Saved data entries:
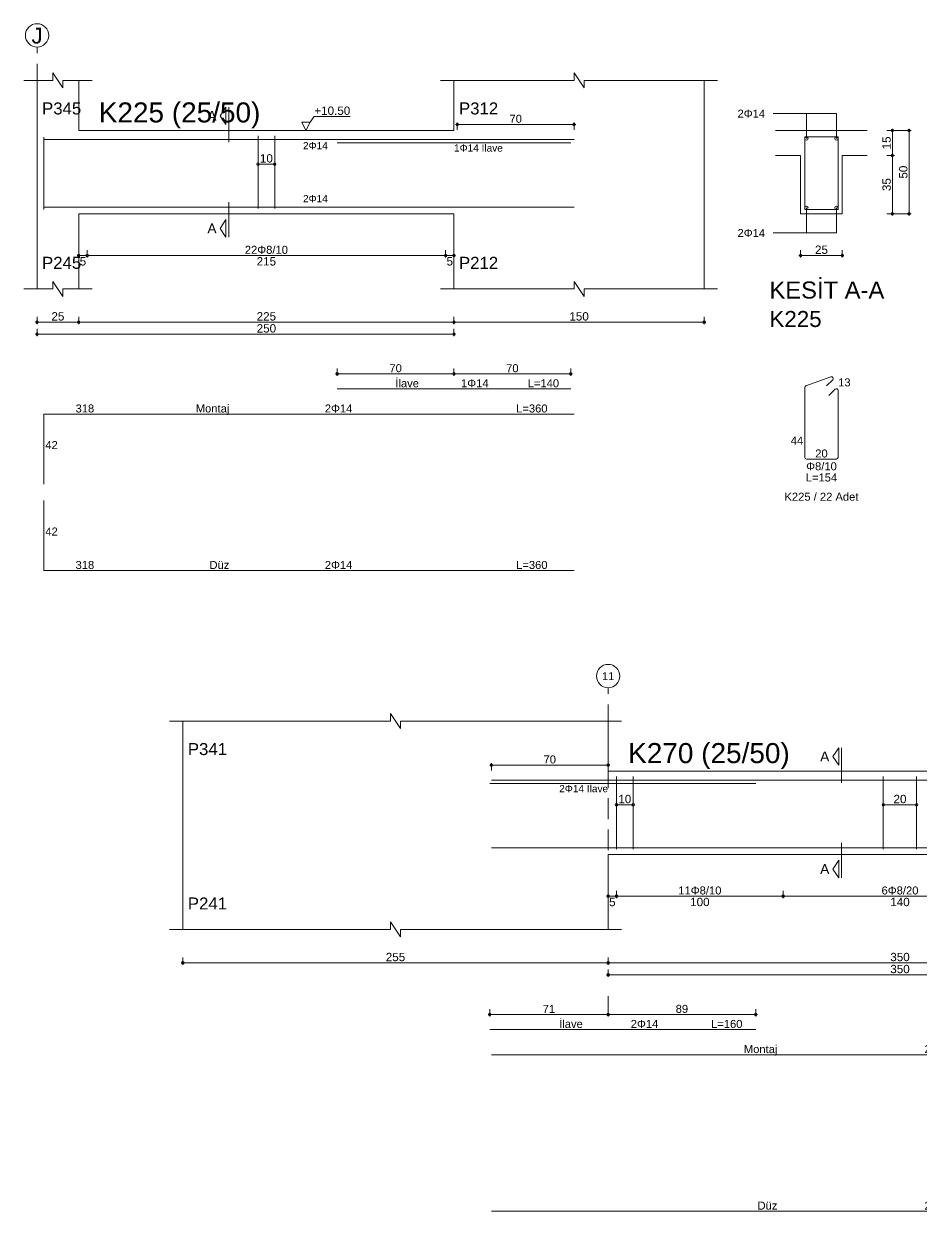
# Model space of a CAD drawing. Header units: millimetres. Extents: x 2232 to 85269, y -3593 to 5869.
# Drawn here: x 49195 to 50003, y -1458 to -390 of the extents above; entities that cross this region are included whole.
import ezdxf

# ---------------------------------------------------------------- set-up
doc = ezdxf.new("R2010")
doc.units = ezdxf.units.MM
doc.linetypes.add('DASHDOT2', pattern=[12.7, 6.35, -3.175, 0, -3.175])
doc.linetypes.add('DASHED4', pattern=[18.75, 12.5, -6.25])
doc.layers.add('aks', color=251, linetype='DASHDOT2', lineweight=35)
for name, color, linetype in [('Donatı Topl. Uzun. Yazısı', 7, 'Continuous'), ('Donatı Uz. Yazısı', 7, 'Continuous'), ('Donatı Yazısı', 7, 'Continuous'), ('Donatı Çizgisi', 7, 'Continuous'), ('Kiriş', 7, 'Continuous'), ('Standart', 7, 'Continuous'), ('Ölçülendirme', 7, 'Continuous')]:
    doc.layers.add(name, color=color, linetype=linetype)
doc.styles.add('arial_1_18', font='arial.ttf', dxfattribs={"height": 0.2})

# ---------------------------------------------------------------- blocks, each defined once
blk = doc.blocks.new('IDE792Entity7471')
at = {"layer": 'aks', "color": 30, "linetype": 'DASHED4', "lineweight": 5}
blk.add_lwpolyline([(11420.72, 2016.8), (11420.72, 2151.8)], dxfattribs=at)
at = {"layer": 'aks', "color": 1, "linetype": 'Continuous', "lineweight": 5}
blk.add_circle((11420.72, 2158.8), 7, dxfattribs=at)
at = {"layer": 'Donatı Çizgisi', "color": 5, "linetype": 'Continuous', "lineweight": 5}
for points in [[(11424.72, 2054.4), (11424.72, 2097.8)], [(11424.72, 2096.4), (11742.72, 2096.4)], [(11553.22, 2055), (11553.22, 2098.6)], [(11563.22, 2055), (11563.22, 2098.6)], [(11600.72, 2094.4), (11740.72, 2094.4)], [(11881.06, 2054.3), (11881.06, 2097.9)], [(11881.06, 2097.9), (11901.06, 2097.9)], [(11901.06, 2054.3), (11901.06, 2097.9)], [(11424.72, 2055.8), (11742.72, 2055.8)], [(11881.06, 2054.3), (11901.06, 2054.3)], [(11881.73, 1948.54), (11896.74, 1954.01)], [(11894.16, 1948.69), (11897.81, 1952.33)], [(11600.72, 1946.8), (11740.72, 1946.8)], [(11881.06, 1905.72), (11881.06, 1947.59)], [(11895.54, 1942.78), (11899.32, 1946.56)], [(11901.06, 1905.72), (11901.06, 1945.84)], [(11424.72, 1889.7), (11424.72, 1931.7)], [(11424.72, 1931.7), (11742.72, 1931.7)], [(11882.08, 1904.7), (11900.04, 1904.7)], [(11424.72, 1837.85), (11424.72, 1879.85)], [(11424.72, 1837.85), (11742.72, 1837.85)]]:
    blk.add_lwpolyline(points, dxfattribs=at)
for centre in [(11882.06, 2096.9), (11900.06, 2096.9), (11882.06, 2055.3), (11900.06, 2055.3)]:
    blk.add_circle(centre, 1, dxfattribs=at)
for centre, start, end in [((11897.08, 1953.05), 315, 110), ((11882.08, 1947.59), 110, 180), ((11900.04, 1945.84), 0, 135), ((11882.08, 1905.72), 180, 270), ((11900.04, 1905.72), 270, 0)]:
    blk.add_arc(centre, 1.02, start, end, dxfattribs=at)
at = {"layer": 'Kiriş', "color": 1, "linetype": 'Continuous', "lineweight": 5}
for points in [[(11412.72, 2131.8), (11430.22, 2131.8)], [(11420.72, 2006.8), (11420.72, 2131.8)], [(11430.22, 2131.8), (11430.22, 2136.3)], [(11436.22, 2127.3), (11430.22, 2136.3)], [(11436.22, 2127.3), (11436.22, 2131.8)], [(11436.22, 2131.8), (11453.73, 2131.8)], [(11445.73, 2101.8), (11445.73, 2131.8)], [(11662.72, 2131.8), (11742.72, 2131.8)], [(11670.72, 2101.8), (11670.72, 2131.8)], [(11742.72, 2131.8), (11742.72, 2136.3)], [(11748.72, 2127.3), (11742.72, 2136.3)], [(11748.72, 2131.8), (11828.73, 2131.8)], [(11748.72, 2127.3), (11748.72, 2131.8)], [(11820.73, 2006.8), (11820.73, 2131.8)], [(11445.73, 2101.8), (11670.72, 2101.8)], [(11863.56, 2101.8), (11918.56, 2101.8)], [(11863.56, 2086.8), (11878.56, 2086.8)], [(11878.56, 2051.8), (11878.56, 2086.8)], [(11903.56, 2086.8), (11918.56, 2086.8)], [(11903.56, 2051.8), (11903.56, 2086.8)], [(11445.73, 2051.8), (11670.72, 2051.8)], [(11445.73, 2006.8), (11445.73, 2051.8)], [(11670.72, 2006.8), (11670.72, 2051.8)], [(11878.56, 2051.8), (11903.56, 2051.8)], [(11436.22, 2002.3), (11430.22, 2011.3)], [(11430.22, 2006.8), (11430.22, 2011.3)], [(11748.72, 2002.3), (11742.72, 2011.3)], [(11742.72, 2006.8), (11742.72, 2011.3)], [(11412.72, 2006.8), (11430.22, 2006.8)], [(11436.22, 2006.8), (11453.73, 2006.8)], [(11436.22, 2002.3), (11436.22, 2006.8)], [(11662.72, 2006.8), (11742.72, 2006.8)], [(11748.72, 2006.8), (11828.73, 2006.8)], [(11748.72, 2002.3), (11748.72, 2006.8)]]:
    blk.add_lwpolyline(points, dxfattribs=at)
at = {"layer": 'Ölçülendirme', "color": 1, "linetype": 'Continuous', "lineweight": 5}
for points in [[(11530.47, 2110.55), (11533.97, 2115.8)], [(11533.97, 2105.3), (11533.97, 2115.8)], [(11535.72, 2094.8), (11535.72, 2115.8)], [(11533.97, 2105.3), (11530.47, 2110.55)], [(11584.47, 2106.8), (11586.97, 2110.13)], [(11586.97, 2110.13), (11608.53, 2110.13)], [(11862.06, 2111.9), (11900.06, 2111.9)], [(11882.06, 2096.9), (11882.06, 2111.9)], [(11900.06, 2096.9), (11900.06, 2111.9)], [(11581.97, 2101.8), (11579.47, 2106.8)], [(11579.47, 2106.8), (11584.47, 2106.8)], [(11584.47, 2106.8), (11581.97, 2101.8)], [(11581.97, 2101.8), (11581.97, 2101.8)], [(11671.72, 2105.4), (11743.72, 2105.4)], [(11672.72, 2102.15), (11672.72, 2106.65)], [(11742.72, 2102.15), (11742.72, 2106.65)], [(11930.31, 2101.8), (11944.81, 2101.8)], [(11933.56, 2050.8), (11933.56, 2102.8)], [(11943.56, 2050.8), (11943.56, 2102.8)], [(11930.31, 2086.8), (11934.81, 2086.8)], [(11553.22, 2081.6), (11563.22, 2081.6)], [(11535.72, 2037.8), (11535.72, 2058.8)], [(11882.06, 2040.3), (11882.06, 2055.3)], [(11900.06, 2040.3), (11900.06, 2055.3)], [(11930.31, 2051.8), (11944.81, 2051.8)], [(11530.47, 2043.05), (11533.97, 2048.3)], [(11533.97, 2037.8), (11533.97, 2048.3)], [(11533.97, 2037.8), (11530.47, 2043.05)], [(11862.06, 2040.3), (11900.06, 2040.3)], [(11445.72, 2025.55), (11445.72, 2030.05)], [(11450.72, 2025.55), (11450.72, 2030.05)], [(11665.72, 2025.55), (11665.72, 2030.05)], [(11670.72, 2025.55), (11670.72, 2030.05)], [(11878.56, 2025.55), (11878.56, 2030.05)], [(11903.56, 2025.55), (11903.56, 2030.05)], [(11444.72, 2026.8), (11671.72, 2026.8)], [(11877.56, 2026.8), (11904.56, 2026.8)], [(11420.72, 1985.55), (11420.72, 1990.05)], [(11445.72, 1985.55), (11445.72, 1990.05)], [(11670.72, 1985.55), (11670.72, 1990.05)], [(11820.72, 1985.55), (11820.72, 1990.05)], [(11419.72, 1986.8), (11821.72, 1986.8)], [(11420.72, 1978.35), (11420.72, 1982.85)], [(11670.72, 1978.35), (11670.72, 1982.85)], [(11419.72, 1979.6), (11671.72, 1979.6)], [(11600.72, 1954.55), (11600.72, 1959.05)], [(11670.72, 1954.55), (11670.72, 1959.05)], [(11670.72, 1954.55), (11670.72, 1959.05)], [(11740.72, 1954.55), (11740.72, 1959.05)], [(11599.72, 1955.8), (11671.72, 1955.8)], [(11669.72, 1955.8), (11741.72, 1955.8)]]:
    blk.add_lwpolyline(points, dxfattribs=at)
for centre in [(11672.72, 2105.4), (11742.72, 2105.4), (11933.56, 2101.8), (11943.56, 2101.8), (11933.56, 2086.8), (11553.22, 2081.6), (11563.22, 2081.6), (11933.56, 2051.8), (11943.56, 2051.8), (11445.72, 2026.8), (11450.72, 2026.8), (11450.72, 2026.8), (11665.72, 2026.8), (11665.72, 2026.8), (11670.72, 2026.8), (11878.56, 2026.8), (11903.56, 2026.8), (11420.72, 1986.8), (11445.72, 1986.8), (11445.72, 1986.8), (11670.72, 1986.8), (11670.72, 1986.8), (11820.72, 1986.8), (11420.72, 1979.6), (11670.72, 1979.6), (11600.72, 1955.8), (11670.72, 1955.8), (11670.72, 1955.8), (11740.72, 1955.8)]:
    blk.add_circle(centre, 0.75, dxfattribs=at)
at = {"layer": 'aks', "color": 1, "linetype": 'Continuous', "lineweight": 5, "style": 'arial_1_18'}
blk.add_text('J', height=9.45, dxfattribs=at).set_placement((11417.42, 2153.92))
at = {"layer": 'Donatı Topl. Uzun. Yazısı', "color": 1, "linetype": 'Continuous', "lineweight": 5, "style": 'arial_1_18'}
for s, p in [('L=140', (11714.89, 1947.76)), ('L=360', (11707.99, 1932.66)), ('L=154', (11881.64, 1891.26)), ('L=360', (11707.99, 1838.81))]:
    blk.add_text(s, height=4.8, dxfattribs=at).set_placement(p)
at = {"layer": 'Donatı Uz. Yazısı', "color": 1, "linetype": 'Continuous', "lineweight": 5, "style": 'arial_1_18'}
for s, p in [('13', (11901.06, 1948.3)), ('318', (11443.8, 1932.66)), ('44', (11872.64, 1913.42)), ('42', (11425.68, 1910.7)), ('20', (11887.33, 1905.66)), ('42', (11425.68, 1858.85)), ('318', (11443.8, 1838.81))]:
    blk.add_text(s, height=4.8, dxfattribs=at).set_placement(p)
at = {"layer": 'Donatı Yazısı', "color": 5, "linetype": 'Continuous', "lineweight": 5, "style": 'arial_1_18'}
for s, height, p in [('2Φ14', 4.8, (11840.73, 2109.5)), ('1Φ14 İlave', 4.32, (11670.72, 2089.12)), ('2Φ14', 4.8, (11840.73, 2037.9)), ('1Φ14', 4.8, (11674.92, 1947.76)), ('2Φ14', 4.8, (11593.26, 1932.66)), ('Φ8/10', 4.8, (11881.86, 1897.98)), ('K225 / 22 Adet', 4.8, (11868.88, 1879.74)), ('2Φ14', 4.8, (11593.26, 1838.81))]:
    blk.add_text(s, height=height, dxfattribs=at).set_placement(p)
for p in [(11580.18, 2090.52), (11580.18, 2058.76)]:
    blk.add_text('2Φ14', height=4.32, rotation=360, dxfattribs=at).set_placement(p)
at = {"layer": 'Donatı Yazısı', "color": 1, "linetype": 'Continuous', "lineweight": 5, "style": 'arial_1_18'}
for s, p in [('İlave', (11635.56, 1947.76)), ('Montaj', (11515.9, 1932.66)), ('Düz', (11524.1, 1838.81))]:
    blk.add_text(s, height=4.8, dxfattribs=at).set_placement(p)
at = {"layer": 'Kiriş', "color": 1, "linetype": 'Continuous', "lineweight": 5, "style": 'arial_1_18'}
for s, height, p in [('P345', 7.2, (11423.72, 2111.4)), ('K225 (25/50)', 12, (11457.72, 2106.6)), ('P312', 7.2, (11673.72, 2111.4)), ('P245', 7.2, (11423.72, 2018.8)), ('P212', 7.2, (11673.72, 2018.8)), ('KESİT A-A', 10.2, (11859.86, 2001)), ('K225', 9.6, (11859.86, 1983.92))]:
    blk.add_text(s, height=height, dxfattribs=at).set_placement(p)
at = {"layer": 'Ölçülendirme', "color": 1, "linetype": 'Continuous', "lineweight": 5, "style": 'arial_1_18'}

Work to be completed: Your answer must be the lines above from the one containing "# Drawn here: x" to the one containing "color=251, linetype='DASHDOT2', lineweight=35)", both included, restated word for word.

Exercise output:
# Drawn here: x 49195 to 50003, y -1458 to -390 of the extents above; entities that cross this region are included whole.
import ezdxf

# ---------------------------------------------------------------- set-up
doc = ezdxf.new("R2010")
doc.units = ezdxf.units.MM
doc.linetypes.add('DASHDOT2', pattern=[12.7, 6.35, -3.175, 0, -3.175])
doc.linetypes.add('DASHED4', pattern=[18.75, 12.5, -6.25])
doc.layers.add('aks', color=251, linetype='DASHDOT2', lineweight=35)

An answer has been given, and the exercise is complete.